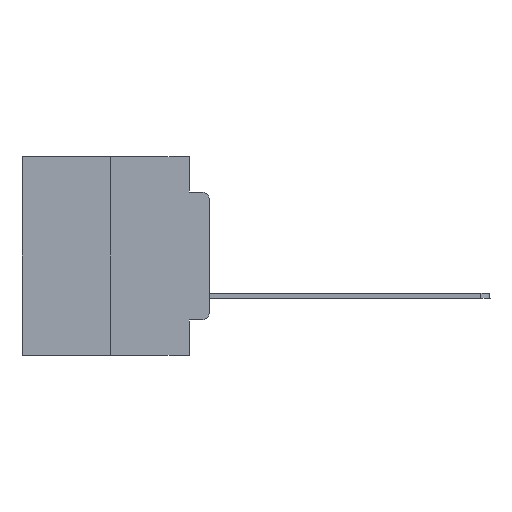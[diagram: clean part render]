
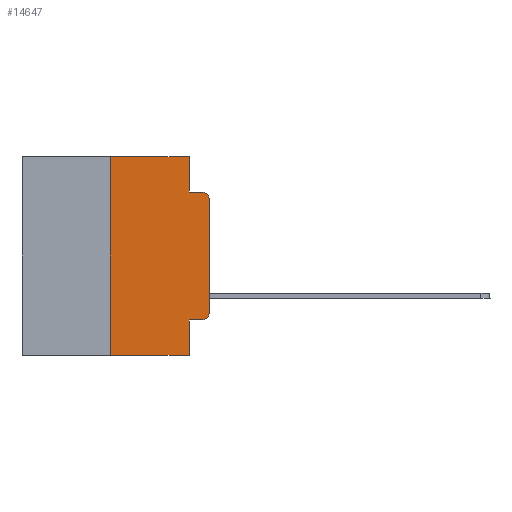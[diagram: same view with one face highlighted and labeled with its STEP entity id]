
A CAD part, left-side view. The second image highlights one B-rep face of the part: STEP entity #14647.
In plain terms, the highlighted planar face has unit normal (-1, 0, 0).
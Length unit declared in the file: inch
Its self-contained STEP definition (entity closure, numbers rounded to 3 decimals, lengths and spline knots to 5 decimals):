
#400 = EDGE_LOOP ( 'NONE', ( #23851, #2469, #22181, #23230, #13097, #20881, #8729, #25815, #6090, #1468 ) ) ;
#1355 = VECTOR ( 'NONE', #5261, 39.37008 ) ;
#1468 = ORIENTED_EDGE ( 'NONE', *, *, #16766, .T. ) ;
#1884 = CARTESIAN_POINT ( 'NONE',  ( 0., 0.473, -0.5 ) ) ;
#2030 = LINE ( 'NONE', #1884, #23041 ) ;
#2103 = VERTEX_POINT ( 'NONE', #26498 ) ;
#2421 = EDGE_CURVE ( 'NONE', #2103, #19887, #3195, .T. ) ;
#2469 = ORIENTED_EDGE ( 'NONE', *, *, #24408, .T. ) ;
#3195 = LINE ( 'NONE', #24178, #5191 ) ;
#3596 = DIRECTION ( 'NONE',  ( 1., 0., 0. ) ) ;
#4097 = EDGE_CURVE ( 'NONE', #23070, #19531, #12313, .T. ) ;
#4247 = VERTEX_POINT ( 'NONE', #26224 ) ;
#4316 = FACE_OUTER_BOUND ( 'NONE', #400, .T. ) ;
#4373 = CIRCLE ( 'NONE', #4783, 0.02 ) ;
#4375 = CARTESIAN_POINT ( 'NONE',  ( 0., 0.051, 0. ) ) ;
#4498 = DIRECTION ( 'NONE',  ( 0., 0., -1. ) ) ;
#4783 = AXIS2_PLACEMENT_3D ( 'NONE', #21715, #21458, #4498 ) ;
#5191 = VECTOR ( 'NONE', #11272, 39.37008 ) ;
#5261 = DIRECTION ( 'NONE',  ( 0., 0., 1. ) ) ;
#6090 = ORIENTED_EDGE ( 'NONE', *, *, #2421, .T. ) ;
#6826 = AXIS2_PLACEMENT_3D ( 'NONE', #12200, #14455, #21071 ) ;
#7052 = CARTESIAN_POINT ( 'NONE',  ( 0., 0.25, -0.5 ) ) ;
#7091 = CIRCLE ( 'NONE', #6826, 0.02 ) ;
#7525 = VERTEX_POINT ( 'NONE', #7052 ) ;
#7869 = CARTESIAN_POINT ( 'NONE',  ( 0., 0.051, 0. ) ) ;
#7960 = EDGE_CURVE ( 'NONE', #8351, #4247, #12427, .T. ) ;
#8201 = VERTEX_POINT ( 'NONE', #26560 ) ;
#8351 = VERTEX_POINT ( 'NONE', #16102 ) ;
#8729 = ORIENTED_EDGE ( 'NONE', *, *, #17614, .T. ) ;
#8941 = VECTOR ( 'NONE', #16760, 39.37008 ) ;
#9572 = CARTESIAN_POINT ( 'NONE',  ( 0., 0., -0.3915 ) ) ;
#10295 = EDGE_CURVE ( 'NONE', #4247, #18973, #16534, .T. ) ;
#11039 = EDGE_CURVE ( 'NONE', #8201, #8351, #20849, .T. ) ;
#11272 = DIRECTION ( 'NONE',  ( 0., -1., 0. ) ) ;
#11372 = CARTESIAN_POINT ( 'NONE',  ( 0., 0.473, 0. ) ) ;
#11427 = CARTESIAN_POINT ( 'NONE',  ( 0., 0.25, 0. ) ) ;
#11632 = VECTOR ( 'NONE', #15973, 39.37008 ) ;
#12200 = CARTESIAN_POINT ( 'NONE',  ( 0., 0.02, -0.1085 ) ) ;
#12313 = LINE ( 'NONE', #18474, #11632 ) ;
#12427 = LINE ( 'NONE', #4375, #15769 ) ;
#12497 = CARTESIAN_POINT ( 'NONE',  ( 0., 0.051, -0.0885 ) ) ;
#12663 = DIRECTION ( 'NONE',  ( 0., 0., -1. ) ) ;
#13097 = ORIENTED_EDGE ( 'NONE', *, *, #11039, .F. ) ;
#13643 = EDGE_CURVE ( 'NONE', #7525, #8201, #25636, .T. ) ;
#14455 = DIRECTION ( 'NONE',  ( -1., 0., 0. ) ) ;
#14647 = ADVANCED_FACE ( 'NONE', ( #4316 ), #24820, .F. ) ;
#14762 = DIRECTION ( 'NONE',  ( 0., -1., 0. ) ) ;
#14818 = CARTESIAN_POINT ( 'NONE',  ( 0., 0.02, -0.0885 ) ) ;
#15571 = CARTESIAN_POINT ( 'NONE',  ( 0., 0.02, -0.4115 ) ) ;
#15769 = VECTOR ( 'NONE', #12663, 39.37008 ) ;
#15973 = DIRECTION ( 'NONE',  ( 0., 0., 1. ) ) ;
#16027 = AXIS2_PLACEMENT_3D ( 'NONE', #26922, #3596, #16548 ) ;
#16102 = CARTESIAN_POINT ( 'NONE',  ( 0., 0.051, 0. ) ) ;
#16534 = LINE ( 'NONE', #12497, #19210 ) ;
#16548 = DIRECTION ( 'NONE',  ( 0., 0., -1. ) ) ;
#16760 = DIRECTION ( 'NONE',  ( 0., 0., -1. ) ) ;
#16766 = EDGE_CURVE ( 'NONE', #19887, #23070, #4373, .T. ) ;
#17614 = EDGE_CURVE ( 'NONE', #7525, #26546, #2030, .T. ) ;
#17863 = EDGE_CURVE ( 'NONE', #2103, #26546, #20009, .T. ) ;
#18474 = CARTESIAN_POINT ( 'NONE',  ( 0., 0., 0. ) ) ;
#18973 = VERTEX_POINT ( 'NONE', #14818 ) ;
#19210 = VECTOR ( 'NONE', #25421, 39.37008 ) ;
#19531 = VERTEX_POINT ( 'NONE', #27260 ) ;
#19678 = DIRECTION ( 'NONE',  ( 0., -1., 0. ) ) ;
#19887 = VERTEX_POINT ( 'NONE', #15571 ) ;
#20009 = LINE ( 'NONE', #7869, #8941 ) ;
#20849 = LINE ( 'NONE', #11372, #22858 ) ;
#20881 = ORIENTED_EDGE ( 'NONE', *, *, #13643, .F. ) ;
#21071 = DIRECTION ( 'NONE',  ( 0., 0., -1. ) ) ;
#21458 = DIRECTION ( 'NONE',  ( -1., 0., 0. ) ) ;
#21715 = CARTESIAN_POINT ( 'NONE',  ( 0., 0.02, -0.3915 ) ) ;
#22181 = ORIENTED_EDGE ( 'NONE', *, *, #10295, .F. ) ;
#22858 = VECTOR ( 'NONE', #19678, 39.37008 ) ;
#23041 = VECTOR ( 'NONE', #14762, 39.37008 ) ;
#23070 = VERTEX_POINT ( 'NONE', #9572 ) ;
#23230 = ORIENTED_EDGE ( 'NONE', *, *, #7960, .F. ) ;
#23573 = CARTESIAN_POINT ( 'NONE',  ( 0., 0.051, -0.5 ) ) ;
#23851 = ORIENTED_EDGE ( 'NONE', *, *, #4097, .T. ) ;
#24178 = CARTESIAN_POINT ( 'NONE',  ( 0., 0.051, -0.4115 ) ) ;
#24408 = EDGE_CURVE ( 'NONE', #19531, #18973, #7091, .T. ) ;
#24820 = PLANE ( 'NONE',  #16027 ) ;
#25421 = DIRECTION ( 'NONE',  ( 0., -1., 0. ) ) ;
#25636 = LINE ( 'NONE', #11427, #1355 ) ;
#25815 = ORIENTED_EDGE ( 'NONE', *, *, #17863, .F. ) ;
#26224 = CARTESIAN_POINT ( 'NONE',  ( 0., 0.051, -0.0885 ) ) ;
#26498 = CARTESIAN_POINT ( 'NONE',  ( 0., 0.051, -0.4115 ) ) ;
#26546 = VERTEX_POINT ( 'NONE', #23573 ) ;
#26560 = CARTESIAN_POINT ( 'NONE',  ( 0., 0.25, 0. ) ) ;
#26922 = CARTESIAN_POINT ( 'NONE',  ( 0., 0.473, 0. ) ) ;
#27260 = CARTESIAN_POINT ( 'NONE',  ( 0., 0., -0.1085 ) ) ;

- Exercise details
Write out, from the lines above, only those from the line with "#11372 = CARTESIAN_POINT" to the line with "#12663 = DIRECTION", exactly as given, including the first and the last.

- Solution to this problem
#11372 = CARTESIAN_POINT ( 'NONE',  ( 0., 0.473, 0. ) ) ;
#11427 = CARTESIAN_POINT ( 'NONE',  ( 0., 0.25, 0. ) ) ;
#11632 = VECTOR ( 'NONE', #15973, 39.37008 ) ;
#12200 = CARTESIAN_POINT ( 'NONE',  ( 0., 0.02, -0.1085 ) ) ;
#12313 = LINE ( 'NONE', #18474, #11632 ) ;
#12427 = LINE ( 'NONE', #4375, #15769 ) ;
#12497 = CARTESIAN_POINT ( 'NONE',  ( 0., 0.051, -0.0885 ) ) ;
#12663 = DIRECTION ( 'NONE',  ( 0., 0., -1. ) ) ;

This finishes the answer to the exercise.